[Saved entries]
*** Begin section ***
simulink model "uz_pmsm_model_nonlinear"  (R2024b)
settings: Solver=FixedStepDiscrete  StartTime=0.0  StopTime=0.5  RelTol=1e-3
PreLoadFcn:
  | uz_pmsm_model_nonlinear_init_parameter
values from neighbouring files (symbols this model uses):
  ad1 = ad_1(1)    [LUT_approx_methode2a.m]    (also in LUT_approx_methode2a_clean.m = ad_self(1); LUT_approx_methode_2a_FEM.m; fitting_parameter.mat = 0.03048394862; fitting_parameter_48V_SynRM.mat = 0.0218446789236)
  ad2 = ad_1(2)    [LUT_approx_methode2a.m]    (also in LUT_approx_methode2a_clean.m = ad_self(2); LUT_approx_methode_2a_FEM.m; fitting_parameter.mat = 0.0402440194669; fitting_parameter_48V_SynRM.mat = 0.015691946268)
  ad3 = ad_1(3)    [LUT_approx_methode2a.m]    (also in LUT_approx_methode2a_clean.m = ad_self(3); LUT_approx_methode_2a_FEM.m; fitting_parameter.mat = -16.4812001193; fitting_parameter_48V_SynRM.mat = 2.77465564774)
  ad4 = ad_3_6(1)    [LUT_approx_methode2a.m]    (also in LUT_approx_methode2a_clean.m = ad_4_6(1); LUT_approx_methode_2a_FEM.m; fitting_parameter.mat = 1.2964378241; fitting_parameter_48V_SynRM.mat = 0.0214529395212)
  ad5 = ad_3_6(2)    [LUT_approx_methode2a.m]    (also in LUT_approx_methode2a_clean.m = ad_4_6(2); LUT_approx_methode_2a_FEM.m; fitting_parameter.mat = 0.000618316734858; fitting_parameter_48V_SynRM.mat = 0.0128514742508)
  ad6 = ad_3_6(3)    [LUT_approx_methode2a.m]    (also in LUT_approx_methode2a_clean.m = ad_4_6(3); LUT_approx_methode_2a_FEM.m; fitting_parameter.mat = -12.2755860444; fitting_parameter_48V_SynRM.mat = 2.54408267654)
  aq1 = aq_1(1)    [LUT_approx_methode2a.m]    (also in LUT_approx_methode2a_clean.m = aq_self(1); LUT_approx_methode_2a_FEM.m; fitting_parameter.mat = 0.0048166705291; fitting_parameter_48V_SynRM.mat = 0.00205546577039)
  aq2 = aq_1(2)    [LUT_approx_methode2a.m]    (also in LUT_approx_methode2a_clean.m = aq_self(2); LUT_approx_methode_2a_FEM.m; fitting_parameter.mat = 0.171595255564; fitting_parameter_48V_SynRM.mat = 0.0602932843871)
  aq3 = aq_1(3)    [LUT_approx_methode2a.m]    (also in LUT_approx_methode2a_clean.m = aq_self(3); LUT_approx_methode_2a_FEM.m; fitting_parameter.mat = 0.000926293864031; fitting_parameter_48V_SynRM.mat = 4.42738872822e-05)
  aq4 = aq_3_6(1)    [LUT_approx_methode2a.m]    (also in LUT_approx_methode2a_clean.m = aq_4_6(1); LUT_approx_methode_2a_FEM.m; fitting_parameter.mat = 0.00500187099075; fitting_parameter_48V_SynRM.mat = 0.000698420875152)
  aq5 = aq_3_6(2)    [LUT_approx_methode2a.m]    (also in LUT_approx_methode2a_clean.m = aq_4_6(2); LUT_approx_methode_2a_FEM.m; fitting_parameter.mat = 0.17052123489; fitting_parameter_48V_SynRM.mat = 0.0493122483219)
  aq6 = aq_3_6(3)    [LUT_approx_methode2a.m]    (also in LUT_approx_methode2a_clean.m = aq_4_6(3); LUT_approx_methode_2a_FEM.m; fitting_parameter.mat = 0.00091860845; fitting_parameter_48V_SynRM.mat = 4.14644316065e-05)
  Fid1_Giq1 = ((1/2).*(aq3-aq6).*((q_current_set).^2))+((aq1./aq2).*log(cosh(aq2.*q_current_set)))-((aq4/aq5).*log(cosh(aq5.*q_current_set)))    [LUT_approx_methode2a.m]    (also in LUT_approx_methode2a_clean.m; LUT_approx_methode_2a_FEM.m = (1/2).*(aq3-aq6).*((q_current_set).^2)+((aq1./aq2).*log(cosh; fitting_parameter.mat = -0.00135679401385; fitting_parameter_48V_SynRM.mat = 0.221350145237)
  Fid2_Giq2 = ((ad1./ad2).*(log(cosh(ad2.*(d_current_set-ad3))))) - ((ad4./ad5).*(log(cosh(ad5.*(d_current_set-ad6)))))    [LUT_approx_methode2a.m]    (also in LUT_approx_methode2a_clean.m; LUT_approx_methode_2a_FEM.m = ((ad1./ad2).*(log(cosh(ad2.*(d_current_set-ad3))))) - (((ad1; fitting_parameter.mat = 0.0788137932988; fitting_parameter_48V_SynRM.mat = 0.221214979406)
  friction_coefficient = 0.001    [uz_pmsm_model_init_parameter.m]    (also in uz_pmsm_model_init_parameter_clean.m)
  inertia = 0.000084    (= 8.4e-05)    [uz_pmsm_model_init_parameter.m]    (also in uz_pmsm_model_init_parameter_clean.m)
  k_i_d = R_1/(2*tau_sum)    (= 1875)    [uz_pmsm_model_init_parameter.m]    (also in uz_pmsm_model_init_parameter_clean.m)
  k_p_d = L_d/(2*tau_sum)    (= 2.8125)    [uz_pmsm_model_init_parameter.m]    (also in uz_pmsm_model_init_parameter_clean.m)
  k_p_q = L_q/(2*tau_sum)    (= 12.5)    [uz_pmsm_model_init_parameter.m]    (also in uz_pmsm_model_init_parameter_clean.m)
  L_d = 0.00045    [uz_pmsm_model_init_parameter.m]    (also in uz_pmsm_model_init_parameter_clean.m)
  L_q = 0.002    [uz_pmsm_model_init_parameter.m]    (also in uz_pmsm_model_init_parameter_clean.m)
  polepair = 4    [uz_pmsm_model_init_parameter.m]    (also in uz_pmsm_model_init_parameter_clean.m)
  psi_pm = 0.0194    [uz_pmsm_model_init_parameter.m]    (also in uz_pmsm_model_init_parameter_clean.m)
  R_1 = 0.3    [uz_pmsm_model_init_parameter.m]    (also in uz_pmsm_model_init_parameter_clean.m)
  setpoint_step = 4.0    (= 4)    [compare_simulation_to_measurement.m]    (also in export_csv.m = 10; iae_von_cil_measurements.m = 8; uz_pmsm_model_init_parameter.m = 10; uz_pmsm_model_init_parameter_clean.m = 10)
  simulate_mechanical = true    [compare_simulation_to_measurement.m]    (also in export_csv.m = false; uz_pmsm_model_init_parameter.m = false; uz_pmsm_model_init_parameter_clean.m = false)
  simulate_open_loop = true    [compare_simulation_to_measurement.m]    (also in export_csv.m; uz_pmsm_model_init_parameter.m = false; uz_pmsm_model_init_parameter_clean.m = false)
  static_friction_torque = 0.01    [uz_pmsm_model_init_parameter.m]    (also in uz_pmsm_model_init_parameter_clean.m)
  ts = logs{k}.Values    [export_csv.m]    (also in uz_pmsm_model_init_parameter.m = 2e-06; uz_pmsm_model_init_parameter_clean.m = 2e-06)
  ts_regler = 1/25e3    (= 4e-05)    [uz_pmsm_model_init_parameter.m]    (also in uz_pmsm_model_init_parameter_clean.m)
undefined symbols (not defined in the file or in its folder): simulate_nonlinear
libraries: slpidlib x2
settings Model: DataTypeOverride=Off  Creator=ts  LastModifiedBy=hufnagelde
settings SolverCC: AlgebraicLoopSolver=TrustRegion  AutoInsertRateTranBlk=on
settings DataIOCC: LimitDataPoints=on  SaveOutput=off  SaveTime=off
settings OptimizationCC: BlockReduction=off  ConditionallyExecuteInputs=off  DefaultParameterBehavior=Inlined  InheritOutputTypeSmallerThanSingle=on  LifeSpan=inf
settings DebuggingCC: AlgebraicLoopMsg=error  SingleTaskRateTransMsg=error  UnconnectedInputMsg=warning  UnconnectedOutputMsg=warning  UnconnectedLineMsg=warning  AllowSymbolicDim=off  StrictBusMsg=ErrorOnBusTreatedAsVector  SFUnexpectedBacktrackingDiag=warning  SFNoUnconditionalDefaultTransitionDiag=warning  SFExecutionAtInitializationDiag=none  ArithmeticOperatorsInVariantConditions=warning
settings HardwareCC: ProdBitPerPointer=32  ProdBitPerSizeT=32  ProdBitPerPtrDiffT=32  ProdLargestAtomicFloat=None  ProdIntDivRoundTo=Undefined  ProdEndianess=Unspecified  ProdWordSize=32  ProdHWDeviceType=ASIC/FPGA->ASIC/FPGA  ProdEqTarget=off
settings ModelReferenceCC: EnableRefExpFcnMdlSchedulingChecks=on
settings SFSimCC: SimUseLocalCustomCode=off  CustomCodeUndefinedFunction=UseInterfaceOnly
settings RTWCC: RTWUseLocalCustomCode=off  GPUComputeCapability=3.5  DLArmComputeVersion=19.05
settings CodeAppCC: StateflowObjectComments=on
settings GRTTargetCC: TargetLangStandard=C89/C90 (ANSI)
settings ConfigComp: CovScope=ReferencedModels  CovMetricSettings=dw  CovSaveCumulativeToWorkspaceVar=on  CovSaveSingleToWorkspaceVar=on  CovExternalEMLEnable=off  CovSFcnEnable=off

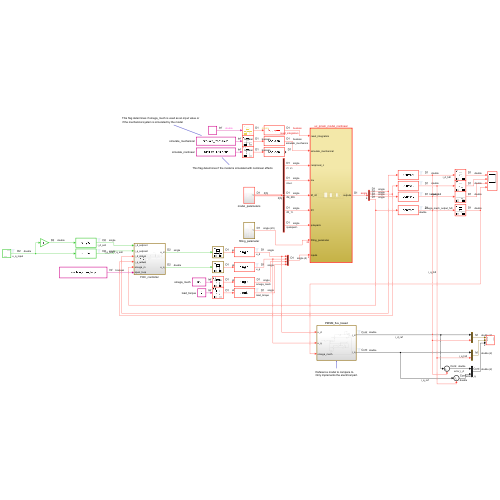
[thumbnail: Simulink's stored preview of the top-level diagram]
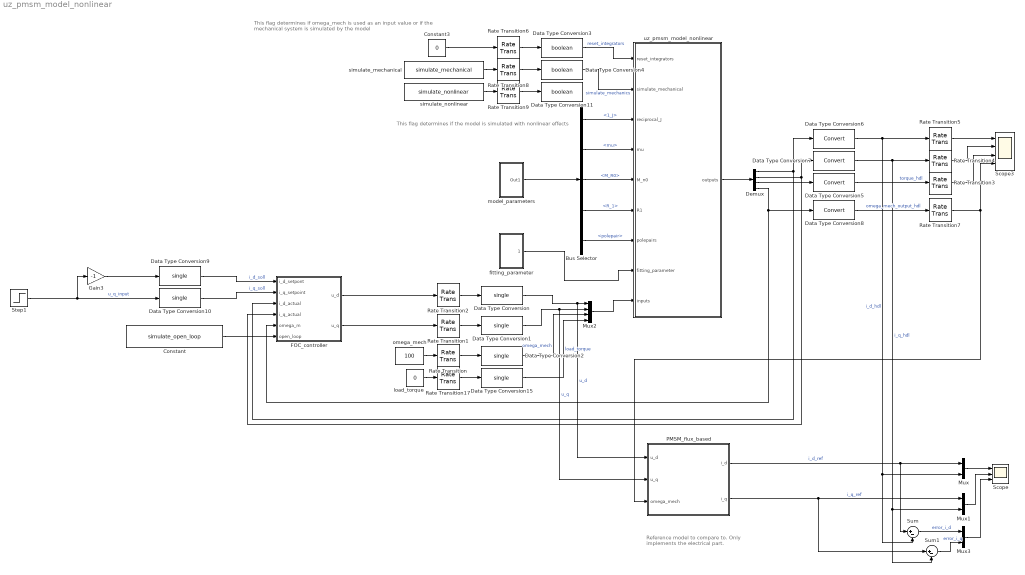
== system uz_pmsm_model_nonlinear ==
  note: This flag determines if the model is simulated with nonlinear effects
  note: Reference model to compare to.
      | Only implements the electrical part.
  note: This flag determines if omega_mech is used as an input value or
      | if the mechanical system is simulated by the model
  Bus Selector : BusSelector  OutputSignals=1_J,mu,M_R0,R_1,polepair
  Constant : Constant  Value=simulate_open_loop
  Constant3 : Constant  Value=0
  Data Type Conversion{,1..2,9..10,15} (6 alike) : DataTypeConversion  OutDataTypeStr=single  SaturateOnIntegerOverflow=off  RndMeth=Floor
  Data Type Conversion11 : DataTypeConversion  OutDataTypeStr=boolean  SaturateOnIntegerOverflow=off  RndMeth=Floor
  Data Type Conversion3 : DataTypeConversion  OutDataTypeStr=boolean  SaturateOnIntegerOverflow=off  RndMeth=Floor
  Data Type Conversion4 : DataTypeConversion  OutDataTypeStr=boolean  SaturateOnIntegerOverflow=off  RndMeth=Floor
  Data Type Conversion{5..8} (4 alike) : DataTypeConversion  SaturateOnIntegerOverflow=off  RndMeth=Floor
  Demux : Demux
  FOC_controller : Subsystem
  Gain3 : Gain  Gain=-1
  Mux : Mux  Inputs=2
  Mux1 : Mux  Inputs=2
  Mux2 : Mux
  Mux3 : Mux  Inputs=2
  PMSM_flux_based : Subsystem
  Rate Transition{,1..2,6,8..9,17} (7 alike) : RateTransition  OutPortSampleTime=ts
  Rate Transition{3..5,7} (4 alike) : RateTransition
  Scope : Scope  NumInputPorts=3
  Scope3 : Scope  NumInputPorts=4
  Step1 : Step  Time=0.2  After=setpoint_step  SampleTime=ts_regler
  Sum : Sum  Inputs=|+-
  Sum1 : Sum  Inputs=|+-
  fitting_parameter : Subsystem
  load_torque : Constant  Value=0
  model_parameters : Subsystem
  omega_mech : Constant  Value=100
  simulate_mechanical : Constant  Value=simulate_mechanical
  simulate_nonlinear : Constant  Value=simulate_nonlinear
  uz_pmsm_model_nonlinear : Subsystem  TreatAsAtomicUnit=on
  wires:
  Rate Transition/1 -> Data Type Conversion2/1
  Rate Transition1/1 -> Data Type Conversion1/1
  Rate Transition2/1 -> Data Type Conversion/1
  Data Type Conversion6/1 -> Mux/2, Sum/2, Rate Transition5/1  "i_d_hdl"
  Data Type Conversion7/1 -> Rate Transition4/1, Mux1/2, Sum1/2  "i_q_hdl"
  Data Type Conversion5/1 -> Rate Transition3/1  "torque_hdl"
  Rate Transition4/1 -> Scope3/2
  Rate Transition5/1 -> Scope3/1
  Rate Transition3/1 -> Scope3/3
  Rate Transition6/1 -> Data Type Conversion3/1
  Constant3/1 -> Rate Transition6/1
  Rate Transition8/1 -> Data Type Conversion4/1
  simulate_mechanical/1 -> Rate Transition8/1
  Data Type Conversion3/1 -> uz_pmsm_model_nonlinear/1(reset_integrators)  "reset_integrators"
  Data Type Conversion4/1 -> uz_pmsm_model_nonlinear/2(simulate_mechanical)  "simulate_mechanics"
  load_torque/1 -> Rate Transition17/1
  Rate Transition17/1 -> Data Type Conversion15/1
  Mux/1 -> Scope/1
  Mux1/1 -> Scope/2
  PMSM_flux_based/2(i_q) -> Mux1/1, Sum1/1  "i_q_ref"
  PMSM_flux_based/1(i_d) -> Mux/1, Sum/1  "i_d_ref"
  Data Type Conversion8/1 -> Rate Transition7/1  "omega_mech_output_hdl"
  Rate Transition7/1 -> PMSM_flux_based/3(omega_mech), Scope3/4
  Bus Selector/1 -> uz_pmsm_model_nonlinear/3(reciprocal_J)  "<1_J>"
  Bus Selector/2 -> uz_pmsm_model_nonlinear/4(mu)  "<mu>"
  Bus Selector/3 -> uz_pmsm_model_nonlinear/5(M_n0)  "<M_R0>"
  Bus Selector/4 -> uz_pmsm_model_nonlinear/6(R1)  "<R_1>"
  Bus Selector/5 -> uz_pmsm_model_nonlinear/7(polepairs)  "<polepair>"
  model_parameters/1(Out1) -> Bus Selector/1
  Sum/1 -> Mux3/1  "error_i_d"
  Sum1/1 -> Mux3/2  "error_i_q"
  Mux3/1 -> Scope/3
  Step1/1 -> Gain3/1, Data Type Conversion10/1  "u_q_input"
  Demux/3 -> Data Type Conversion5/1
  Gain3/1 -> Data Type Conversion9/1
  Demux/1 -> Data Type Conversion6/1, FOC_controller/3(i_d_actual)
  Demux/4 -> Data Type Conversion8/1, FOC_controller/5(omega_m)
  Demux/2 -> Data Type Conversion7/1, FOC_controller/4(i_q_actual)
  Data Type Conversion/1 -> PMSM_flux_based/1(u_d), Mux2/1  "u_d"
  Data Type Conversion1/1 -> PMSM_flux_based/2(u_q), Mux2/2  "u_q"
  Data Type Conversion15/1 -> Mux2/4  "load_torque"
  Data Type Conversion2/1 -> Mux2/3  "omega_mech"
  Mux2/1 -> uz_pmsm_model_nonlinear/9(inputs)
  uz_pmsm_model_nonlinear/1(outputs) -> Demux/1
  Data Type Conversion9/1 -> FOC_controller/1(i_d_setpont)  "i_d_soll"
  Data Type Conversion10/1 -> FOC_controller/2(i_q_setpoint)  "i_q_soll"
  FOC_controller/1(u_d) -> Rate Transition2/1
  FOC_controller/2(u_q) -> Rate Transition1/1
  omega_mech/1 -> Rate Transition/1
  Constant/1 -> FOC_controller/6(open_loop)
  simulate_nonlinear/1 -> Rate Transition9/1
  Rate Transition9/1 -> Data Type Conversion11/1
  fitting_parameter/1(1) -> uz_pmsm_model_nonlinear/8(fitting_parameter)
*** End section ***
=== TASK TO CARRY OUT ===
Write out exactly the lines above between the line with "Constant : Constant" and the line with "Rate Transition4/1 -> Scope3/2", inclusive, and nothing beyond them.

=== RESPONSE TO THE EXERCISE ===
  Constant : Constant  Value=simulate_open_loop
  Constant3 : Constant  Value=0
  Data Type Conversion{,1..2,9..10,15} (6 alike) : DataTypeConversion  OutDataTypeStr=single  SaturateOnIntegerOverflow=off  RndMeth=Floor
  Data Type Conversion11 : DataTypeConversion  OutDataTypeStr=boolean  SaturateOnIntegerOverflow=off  RndMeth=Floor
  Data Type Conversion3 : DataTypeConversion  OutDataTypeStr=boolean  SaturateOnIntegerOverflow=off  RndMeth=Floor
  Data Type Conversion4 : DataTypeConversion  OutDataTypeStr=boolean  SaturateOnIntegerOverflow=off  RndMeth=Floor
  Data Type Conversion{5..8} (4 alike) : DataTypeConversion  SaturateOnIntegerOverflow=off  RndMeth=Floor
  Demux : Demux
  FOC_controller : Subsystem
  Gain3 : Gain  Gain=-1
  Mux : Mux  Inputs=2
  Mux1 : Mux  Inputs=2
  Mux2 : Mux
  Mux3 : Mux  Inputs=2
  PMSM_flux_based : Subsystem
  Rate Transition{,1..2,6,8..9,17} (7 alike) : RateTransition  OutPortSampleTime=ts
  Rate Transition{3..5,7} (4 alike) : RateTransition
  Scope : Scope  NumInputPorts=3
  Scope3 : Scope  NumInputPorts=4
  Step1 : Step  Time=0.2  After=setpoint_step  SampleTime=ts_regler
  Sum : Sum  Inputs=|+-
  Sum1 : Sum  Inputs=|+-
  fitting_parameter : Subsystem
  load_torque : Constant  Value=0
  model_parameters : Subsystem
  omega_mech : Constant  Value=100
  simulate_mechanical : Constant  Value=simulate_mechanical
  simulate_nonlinear : Constant  Value=simulate_nonlinear
  uz_pmsm_model_nonlinear : Subsystem  TreatAsAtomicUnit=on
  wires:
  Rate Transition/1 -> Data Type Conversion2/1
  Rate Transition1/1 -> Data Type Conversion1/1
  Rate Transition2/1 -> Data Type Conversion/1
  Data Type Conversion6/1 -> Mux/2, Sum/2, Rate Transition5/1  "i_d_hdl"
  Data Type Conversion7/1 -> Rate Transition4/1, Mux1/2, Sum1/2  "i_q_hdl"
  Data Type Conversion5/1 -> Rate Transition3/1  "torque_hdl"
  Rate Transition4/1 -> Scope3/2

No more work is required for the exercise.